Co-existing conditions which is also referred to as dual diagnosis or dual condition pertains to the existence of more than one medical condition at the same time. For instance, a person may not only suffer from bipolar disorder but from substance abuse too.
Just as the field of treatment for substance abuse and mental disorders has developed to become more accurate, so too has the terminology used to narrate people with both substance use and mental disorders.
Dual disorder and dual diagnosis terms are replaced by the term co-occurring disorders. Even though the terms dual diagnosis and dual disorder are used regularly to refer to the combination of psychological disorders and drug use, these terms are misleading as they can also refer to other combinations of disorders like mental retardation and psychological disorders.
Also, there can be more than just two disorders present, while these terms are implying otherwise. One or more disorders in the clients with co-occurring disorders (COD) relate to the use of alcohol and/or other drugs of abuse as well as one or more mental disorders. An identification of co-existing condition is made when there is an existence of at least one disorder of each type which is also separate from the other, not just a series of indications stemming from a particular disorder.
Dual disorder is used interchangeably in this article to refer to co-occurring disorders although the latter is the most recent development in the lingo as used in the medical field.
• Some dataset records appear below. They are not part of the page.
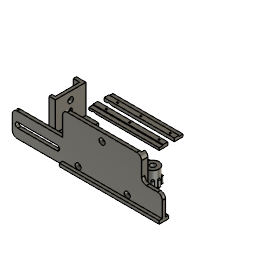
camera_steady (Autodesk Fusion 360 design; units mm, degrees)
Autodesk Fusion 360 part; units mm, degrees
note: some values were not read from the file. Chosen so that the rebuilt part matches the saved one: which face or edge a step refers to; which sketch regions a step uses; which pieces of a blend or face edit are solid.
sketch "Sketch1" plane through (0, 0, 0) normal (0, 0, 1) x (1, 0, 0)
  line L0 (-42, 80) -> (-26, 80)
  line L1 (0, 50) -> (118, 50)
  line L2 (118, 50) -> (118, 62)
  line L3 (118, 62) -> (-70, 62)
  line L4 (-70, 62) -> (-70, 54)
  line L5 (-7, 54) -> (-7, 62)
  line L6 (-3, 54) -> (-3, 62)
  line L7 (88, 50) -> (88, 62)
  line L8 (92, 50) -> (92, 62)
  line L9 (118, 58) -> (-70.000001, 58)
  line L10 (-70, 54) -> (98, 54)
  line L11 (-42, 118.4) -> (-42, 80)
  line L12 (-26, 118.4) -> (-26, 80)
  line L13 (-42, 118.4) -> (-26, 118.4)
  line L14 (-42, 118.4) -> (-46, 118.4)
  line L15 (-42, 80) -> (-46, 80)
  line L16 (-46, 114.4) -> (-46, 84)
  line L17 (-46, 118.4) -> (-54, 118.4)
  line L18 (-46, 80) -> (-50, 80)
  line L19 (-46, 114.4) -> (-54, 114.4)
  line L20 (-46, 80) -> (-50, 80)
  line L21 (-46, 84) -> (-50, 84)
  line L22 (-54, 118.4) -> (-54, 114.4)
  line L23 (-50, 80) -> (-50, 84)
  line L24 (25, 80) -> (50, 80)
  line L25 (50, 80) -> (50, 110)
  line L26 (50, 110) -> (25, 110)
  line L27 (25, 84) -> (50, 84)
  circle A0 centre (35, 95) radius 3.2
  circle A1 centre (35, 95) radius 10.7
  line L28 (-50, 130) -> (36, 130)
  line L29 (36, 141) -> (-50, 141)
  line L30 (-50, 141) -> (-50, 130)
  line L31 (-50, 135) -> (36, 135)
  circle A2 centre (-36.000001, 138.000002) radius 1.1
  circle A3 centre (-7, 138) radius 1.1
  circle A4 centre (30, 138.000002) radius 1.1
  line L32 (-50.000001, 145.000002) -> (35.000001, 145.000002) construction
  circle A5 centre (30, 152.000002) radius 1.1
  line L33 (-50, 149.000004) -> (-50, 160.000004)
  line L34 (-50, 155.000004) -> (36, 155.000004)
  line L35 (36, 149.000004) -> (-50, 149.000004)
  circle A6 centre (-36.000001, 152.000002) radius 1.1
  line L36 (-50, 160.000004) -> (36, 160.000004)
  circle A7 centre (-7, 152.000004) radius 1.1
  line L37 (-44, 141) -> (-44, 130)
  line L38 (-44, 149.000004) -> (-44, 160.000004)
  line L39 (98, 54) -> (118, 54)
  line L40 (20.07966, 95) -> (20.07966, 110)
  line L41 (20.07966, 95) -> (20.07966, 80)
  line L42 (25, 80) -> (20.07966, 80)
  line L43 (25, 84) -> (20.07966, 84)
  line L44 (25, 110) -> (20.07966, 110)
  line L45 (-7, 54) -> (-7, 50)
  line L46 (-7, 50) -> (0, 50)
  circle A8 centre (70.000001, 90.000001) radius 3.3
  circle A9 centre (70.000001, 90.000001) radius 8
  arc A10 (65.498572, 96.613407) -> (63.386595, 94.50143) centre (64.343147, 95.656856) ccw
  arc A11 (71.493395, 97.859376) -> (68.506607, 97.859376) centre (70.000001, 98.000001) ccw
  arc A12 (76.613407, 94.50143) -> (74.50143, 96.613407) centre (75.656855, 95.656856) ccw
  arc A13 (77.859376, 88.506608) -> (77.859376, 91.493395) centre (78.000001, 90.000001) ccw
  arc A14 (74.50143, 83.386595) -> (76.613407, 85.498573) centre (75.656855, 84.343147) ccw
  arc A15 (68.506607, 82.140626) -> (71.493395, 82.140626) centre (70.000001, 82.000001) ccw
  arc A16 (63.386595, 85.498573) -> (65.498572, 83.386595) centre (64.343147, 84.343147) ccw
  arc A17 (62.140626, 91.493395) -> (62.140626, 88.506608) centre (62.000001, 90.000001) ccw
  line L47 (38, 160.000004) -> (38, 149.000004)
  line L48 (36, 149.000004) -> (38, 149.000004)
  line L49 (36, 160.000004) -> (38, 160.000004)
  line L50 (36, 155.000004) -> (38.000001, 155.000004)
  line L51 (38, 130) -> (38, 141)
  line L52 (36, 130) -> (38, 130)
  line L53 (36, 141) -> (38, 141)
  line L54 (36, 135) -> (38, 135)
  line L55 (34.999999, 89.157067) -> (29.939871, 92.078534)
  line L56 (29.939871, 92.078534) -> (29.939872, 97.921467)
  line L57 (29.939872, 97.921467) -> (35.000001, 100.842933)
  line L58 (35.000001, 100.842933) -> (40.060129, 97.921466)
  line L59 (40.060129, 97.921466) -> (40.060128, 92.078533)
  line L60 (40.060128, 92.078533) -> (34.999999, 89.157067)
  point P0 (35, 95)
  point P1 (-7, 141)
  point P2 (-7, 138)
  point P3 (-36.000001, 138.000002)
  point P4 (30, 138.000002)
  point P5 (30, 152.000002)
  point P6 (-7, 152.000004)
  point P7 (-36.000001, 152.000002)
  point P8 (-7, 149.000004)
  point P9 (-44, 130)
  point P10 (-44, 149.000004)
  point P11 (70.000001, 90.000001)
  point P12 (70.000001, 98.000001)
  dimension "d43" = 168
  dimension "d54" = 38.4
  dimension "d64" = 4
  dimension "d69" = 4
  dimension "d81" = 6.4
  dimension "d82" = 21.4
  dimension "d92" = 86
  dimension "d93" = 11
  dimension "d100" = 2.2
  dimension "d101" = 2.2
  dimension "d102" = 2.2
  dimension "d103" = 11
  dimension "d118" = 6.6
  dimension "d119" = 16
  dimension "d120" = 3
  dimension "d122" = 360
  constraint horizontal L0
  constraint horizontal L1
  constraint vertical L2
  constraint horizontal L3
  constraint vertical L4
  constraint coincident L3 L5.end
  constraint perpendicular L3 L5
  constraint coincident L3 L6.end
  constraint perpendicular L3 L6
  constraint coincident L3 L7.end
  constraint perpendicular L3 L7
  constraint coincident L3 L8.end
  constraint perpendicular L3 L8
  constraint coincident L1 L7.start
  constraint coincident L1 L8.start
  constraint horizontal L9
  constraint horizontal L10
  constraint vertical L11
  constraint vertical L12
  constraint coincident L10 L5.start
  constraint perpendicular L12 L13
  constraint perpendicular L11 L14
  constraint perpendicular L11 L15
  constraint perpendicular L16 L17
  constraint perpendicular L16 L18
  constraint perpendicular L19 L22
  constraint perpendicular L21 L23
  constraint horizontal L24
  constraint vertical L25
  constraint horizontal L26
  constraint horizontal L27
  constraint coincident P0 A0.centre
  constraint concentric A0 A1
  constraint horizontal L28
  constraint horizontal L29
  constraint vertical L30
  constraint horizontal L31
  constraint midpoint L29 P1
  constraint coincident P2 A3.centre
  constraint horizontal L32
  constraint symmetric A2 L32 A6
  constraint symmetric A3 L32 A7
  constraint symmetric A4 L32 A5
  constraint vertical L37
  constraint coincident P9 L37.end
  constraint coincident L2 L39.end
  constraint perpendicular L2 L39
  constraint perpendicular L41 L42
  constraint perpendicular L41 L43
  constraint perpendicular L40 L44
  constraint perpendicular L10 L45
  constraint perpendicular L6 L46
  constraint coincident L10 L6.start
  constraint concentric A8 A9
  constraint perpendicular L47 L48
  constraint perpendicular L47 L49
  constraint perpendicular L47 L50
  constraint vertical L51
  constraint perpendicular L51 L52
  constraint perpendicular L51 L53
  constraint coincident L51 L54.end
  constraint perpendicular L51 L54
  measures "d43" distance of L10.end L4.end
  measures "d54" distance of L0.start L11.start
  measures "d64" distance of L0.start L15.end
  measures "d69" distance of L21.end L16.end
  measures "d81" diameter of A0
  measures "d82" diameter of A1
  measures "d92" distance of L28.start L28.end
  measures "d93" distance of L28.start L29.end
  measures "d100" diameter of A2
  measures "d101" diameter of A3
  measures "d102" diameter of A4
  measures "d103" distance of P9 L37.start
  measures "d118" diameter of A8
  measures "d119" diameter of A9
  measures "d120" diameter of A11
extrude "Extrude15" add sketch "Sketch1" along normal blind 4 contours L1 L7 L10 L45 L46 | L1 L7 L8 L10 | L1 L2 L8 L10 L39 | L6 L7 L9 L10 picked at (28.333333, 52.666667) picked at (90.666667, 51.333333) picked at (102.666667, 51.333333) picked at (57.666667, 55.333333) makes body 1
extrude "Extrude16" add sketch "Sketch1" along normal blind 30 contours L4 L5 L9 L10 | L2 L8 L9 L10 L39 picked at (-49, 56.666667) picked at (102.666667, 56.666667) bodies 1
extrude "Extrude31" add sketch "Sketch1" along normal blind 60 contours L6 L7 L9 L10 | L7 L8 L9 L10 | L5 L6 L9 L10 | L3 L7 L8 L9 | L3 L5 L6 L9 picked at (57.666667, 55.333333) picked at (89.333333, 56.666667) picked at (-5.666667, 55.333333) picked at (89.333333, 60.666667) picked at (-5.666667, 59.333333) bodies 1
extrude "Extrude17" add sketch "Sketch1" along normal blind 4 contours L3 L6 L7 L9 | L3 L4 L5 L9 | L2 L3 L8 L9 picked at (57.666667, 59.333333) picked at (-49, 59.333333) picked at (100.666667, 59.333333) bodies 1
sketch "Sketch2" plane through (0, 54, 0) normal (0, -1, 0) x (1, 0, 0)
  line L0 (118, 30) -> (92, 30)
  line L1 (-70, 30) -> (-70, 0)
  line L2 (-70, 0) -> (-7, 0)
  line L3 (-7, 4) -> (118, 4)
  line L4 (92, 30) -> (92, 60)
  line L5 (92, 60) -> (-7, 60)
  line L6 (-7, 60) -> (-7, 30)
  arc A0 (-63, 18.2) -> (-62.999999, 11.8) centre (-63, 15) ccw
  line L7 (-11, 15) -> (-63, 15) construction
  line L8 (118, 4) -> (118, 30)
  line L9 (-7, 0) -> (-7, 4)
  line L10 (-7, 30) -> (-70, 30)
  line L11 (-63, 18.2) -> (-13.998804, 18.2)
  line L12 (-62.999999, 11.8) -> (-14, 11.8)
  line L13 (-7, 4) -> (-7, 60)
  line L14 (-4, 4) -> (-4, 60)
  line L15 (-4, 4) -> (-4, 60)
  arc A1 (-14, 11.8) -> (-14.001196, 18.2) centre (-14, 15) ccw
  circle A2 centre (74, 8) radius 1.3
  circle A3 centre (42.5, 50) radius 1.3
  circle A4 centre (12.5, 8) radius 1.3
  point P0 (-70, 15)
  point P1 (-225, 15)
  point P2 (-285, 15)
  point P3 (-37, 15)
  point P4 (-37, 15)
  point P5 (-21, 15)
  point P6 (-63, 15)
  point P7 (-14, 15)
  point P8 (42.5, 50)
  point P9 (42.5, 50)
  point P10 (49.314107, -3.66554)
  point P11 (12.5, 8)
  point P12 (74, 8)
  dimension "d115" = 6.4
  dimension "d135" = 6.4
  dimension "d147" = 2.6
  dimension "d148" = 2.6
  dimension "d149" = 2.6
  constraint midpoint L1 P0
  constraint horizontal L7
  constraint coincident P4 P3
  constraint midpoint L7 P4
  constraint coincident P6 A0.centre
  constraint parallel L10 L11
  constraint parallel L7 L12
  constraint coincident L7 P7
  constraint coincident P7 A1.centre
  constraint coincident P12 A2.centre
  constraint coincident P9 P8
  constraint coincident P11 A4.centre
  measures "d115" diameter of A0
  measures "d135" diameter of A1
  measures "d147" diameter of A2
  measures "d148" diameter of A3
  measures "d149" diameter of A4
extrude "Extrude18" cut sketch "Sketch2" against normal blind 4 contours A0 L11 L12 A1 | A2 | A3 | A4 picked at (-30.333732, 13.933333) picked at (73.641963, 7.626725) picked at (41.878655, 49.935415) picked at (12.914082, 7.872273) bodies 1
chamfer "Chamfer1" distance 2.4 angle 45 3 edges at (41.287974, 54, 50.4701) (11.287974, 54, 8.4701) (72.787974, 54, 8.4701) on bodies 1
fillet "Fillet1" radius 6 6 edges at (92, 58, 60) (-7, 58, 60) (118, 56, 30) (92, 56, 30) (-70.000001, 56, 30) (-70, 58, 0) on bodies 1
extrude "Extrude22" add sketch "Sketch1" along normal blind 4 separate body contours L0 L11 L12 L13 picked at (-36.666667, 105.6) makes body 2
extrude "Extrude23" add sketch "Sketch1" along normal blind 40 contours L11 L14 L15 L16 L17 L18 L19 L20 L21 L22 L23 picked at (-43.333333, 94.133333) bodies 2
sketch "Sketch4" plane through (-42, 0, 0) normal (1, 0, 0) x (0, 1, 0)
  line L0 (80, 4) -> (118.4, 4)
  line L1 (118.4, 4) -> (118.4, 40)
  line L2 (118.4, 40) -> (80, 40)
  line L3 (80, 40) -> (80, 4)
  circle A0 centre (99.2, 30) radius 3.4
  circle A1 centre (99.2, 14) radius 3.4
  point P0 (99.2, 30)
  point P1 (99.2, 14)
  dimension "d87" = 6.8
  dimension "d88" = 6.8
  constraint coincident P0 A0.centre
  constraint coincident P1 A1.centre
  measures "d87" diameter of A0
  measures "d88" diameter of A1
extrude "Extrude24" cut sketch "Sketch4" against normal blind 4 contours A0 | A1 picked at (97.994631, 30.96125) picked at (97.597353, 13.411499) bodies 2
extrude "Extrude25" add sketch "Sketch1" along normal blind 4 separate body contours L25 L26 L27 L40 L41 L43 L44 picked at (21.839651, 101.547519) makes body 3
extrude "Extrude26" add sketch "Sketch1" along normal blind 9 contours A1 | L55 L56 L57 L58 L59 L60 picked at (31.529958, 101.010291) picked at (30.559914, 95) bodies 3
extrude "Extrude27" add sketch "Sketch1" along normal blind 9 contours L55 L56 L57 L58 L59 L60 picked at (30.559914, 95) bodies 3
sketch "Sketch7" plane through (0, 0, 9) normal (0, 0, 1) x (-1, 0, 0)
  circle A0 centre (-35, -95) radius 10.7
  circle A1 centre (-35, -95) radius 3.2
  line L0 (-40.060128, -92.078533) -> (-34.999999, -89.157067)
  line L1 (-34.999999, -89.157067) -> (-29.939871, -92.078534)
  line L2 (-29.939871, -92.078534) -> (-29.939872, -97.921467)
  line L3 (-29.939872, -97.921467) -> (-35.000001, -100.842933)
  line L4 (-35.000001, -100.842933) -> (-40.060129, -97.921466)
  line L5 (-40.060129, -97.921466) -> (-40.060128, -92.078533)
extrude "Extrude36" cut sketch "Sketch7" against normal blind 5 contours L0 L1 L2 L3 L4 L5 picked at (-37.220043, -98.845227) bodies 3
extrude "Extrude28" add sketch "Sketch1" along normal blind 4 separate body contours L29 L30 L31 L37 | L29 L31 L37 L51 L53 L54 | L33 L34 L35 L38 | L34 L35 L38 L47 L48 L50 picked at (-48, 139) picked at (-41.7, 138.000001) picked at (-48, 153.000004) picked at (-41.7, 152.000004) makes body 4 at (-45.7, 138.000001, 0) makes body 5 at (-45.7, 152.000004, 0)
extrude "Extrude29" add sketch "Sketch1" along normal blind 3 contours L28 L30 L31 L37 | L28 L31 L37 L51 L52 L54 | L29 L30 L31 L37 | L33 L34 L36 L38 | L34 L36 L38 L47 L49 L50 picked at (-48, 133.333333) picked at (-17.333333, 133.333333) picked at (-48, 139) picked at (-48, 158.333338) picked at (-17.333333, 158.333338) bodies 4 5
sketch "Sketch5" plane through (0, 130, 0) normal (0, -1, 0) x (1, 0, 0)
  line L0 (-50, 0) -> (38, 0)
  line L1 (38, 3) -> (-50, 3)
  line L2 (-50, 3) -> (-50, 0)
  arc A0 (-41.757859, 0) -> (-46.229995, 0) centre (-43.993927, -2) ccw
  line L3 (38, 0) -> (38, 3)
  point P0 (-41.757859, 0)
  dimension "d107" = 6
  measures "d107" diameter of A0
extrude "Extrude30" cut sketch "Sketch5" against normal blind 30 contours L0 A0 picked at (-44.402176, 0.246204) bodies 4 5
fillet "Fillet2" radius 2 4 edges at (50, 110, 2) (50, 84, 2) (20.07966, 110, 2) (20.07966, 84, 2) on bodies 3
extrude "Extrude32" add sketch "Sketch1" along normal blind 20 separate body contours A9 picked at (73.236744, 84.454625) makes body 6
extrude "Extrude33" add sketch "Sketch1" along normal blind 10 contours A9 A13 | A9 A12 | A9 A14 | A9 A11 | A9 A15 | A9 A10 | A9 A16 | A9 A17 picked at (78.462394, 89.656178) picked at (76.027665, 95.976531) picked at (76.027665, 84.023471) picked at (70.036158, 98.488248) picked at (69.963844, 81.511754) picked at (63.972337, 95.976531) picked at (63.972337, 84.023471) picked at (61.511754, 89.963844) bodies 6
fillet "Fillet3" radius 1 8 edges at (76.717516, 96.717516, 10) (70.000001, 99.500001, 10) (63.282487, 96.717516, 10) (60.500001, 90.000001, 10) (63.282487, 83.282487, 10) (70.000001, 80.500001, 10) (76.717516, 83.282487, 10) (79.500001, 90.000001, 10) on bodies 6
fillet "Fillet4" radius 1 16 edges at (79.500001, 90.000001, 0) (76.717516, 96.717516, 0) (70.000001, 99.500001, 0) (63.282487, 96.717516, 0) (60.500001, 90.000001, 0) (63.282487, 83.282487, 0) (70.000001, 80.500001, 0) (76.717516, 83.282487, 0) (77.391037, 93.061469, 0) (73.061469, 97.391038, 0) (66.938534, 97.391038, 0) (62.608965, 93.061469, 0) (62.608965, 86.938534, 0) (66.938534, 82.608965, 0) (73.061469, 82.608965, 0) (77.391037, 86.938534, 0) on bodies 6
sketch "Sketch6" plane through (0, 0, 0) normal (0, 0, 1) x (1, 0, 0)
  line L0 (75.070128, 92.927241) -> (70.000001, 95.85448)
  line L1 (70.000001, 95.85448) -> (64.929874, 92.927241)
  line L2 (64.929874, 92.927241) -> (64.929874, 87.072762)
  line L3 (64.929874, 87.072762) -> (70.000001, 84.145523)
  line L4 (70.000001, 84.145523) -> (75.070128, 87.072762)
  line L5 (75.070128, 92.927241) -> (75.070128, 87.072762)
  point P0 (70.000001, 90.000001)
extrude "Extrude34" cut sketch "Sketch6" along normal blind 4 bodies 6

The acronym MICA (short for Mentally Ill Chemical Abusers) is sometimes used to label people with a co-occurring disorder and a noticeably serious and chronic mental disorder like bipolar disorder or schizophrenia. Mentally ill chemically affected people is the phrase that is preferred because the word affected is not pejorative and it designates their condition in a better way. Other acronyms that are used to refer to people with COD are CAMI, Chemical Abuse and Mental Illness; MIC'D, Mentally Ill Chemically Dependent; MISA, Mentally Ill Substance Abusers; MISU, Mentally Ill Substance Using; Sami, Substance Abuse and Mental Illness and ICO PSD, Individuals with co-occurring psychiatric and substance disorders.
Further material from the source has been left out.